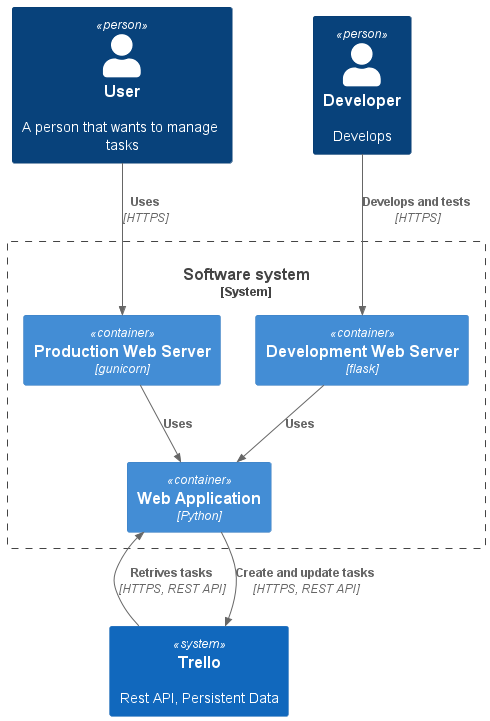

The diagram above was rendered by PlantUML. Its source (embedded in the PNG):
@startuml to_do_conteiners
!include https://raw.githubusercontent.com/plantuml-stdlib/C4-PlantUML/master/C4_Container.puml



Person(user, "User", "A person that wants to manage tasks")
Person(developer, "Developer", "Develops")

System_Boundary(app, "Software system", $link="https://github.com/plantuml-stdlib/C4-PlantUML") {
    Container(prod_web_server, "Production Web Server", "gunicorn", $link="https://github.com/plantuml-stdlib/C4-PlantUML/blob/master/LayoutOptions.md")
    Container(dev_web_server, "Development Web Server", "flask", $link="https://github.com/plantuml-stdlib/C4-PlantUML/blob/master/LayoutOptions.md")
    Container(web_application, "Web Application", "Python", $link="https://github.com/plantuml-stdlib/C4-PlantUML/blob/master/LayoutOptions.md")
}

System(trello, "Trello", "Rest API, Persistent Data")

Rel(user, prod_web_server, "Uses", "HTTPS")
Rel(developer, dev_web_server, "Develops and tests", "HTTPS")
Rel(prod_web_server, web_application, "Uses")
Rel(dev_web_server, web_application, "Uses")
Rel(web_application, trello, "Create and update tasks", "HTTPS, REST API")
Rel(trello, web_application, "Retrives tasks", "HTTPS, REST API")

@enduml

====================

**TASK GOAL**.
In the listing above, how many of the lines include "link"? Give only the figure.

**ANSWER SECTION**.
4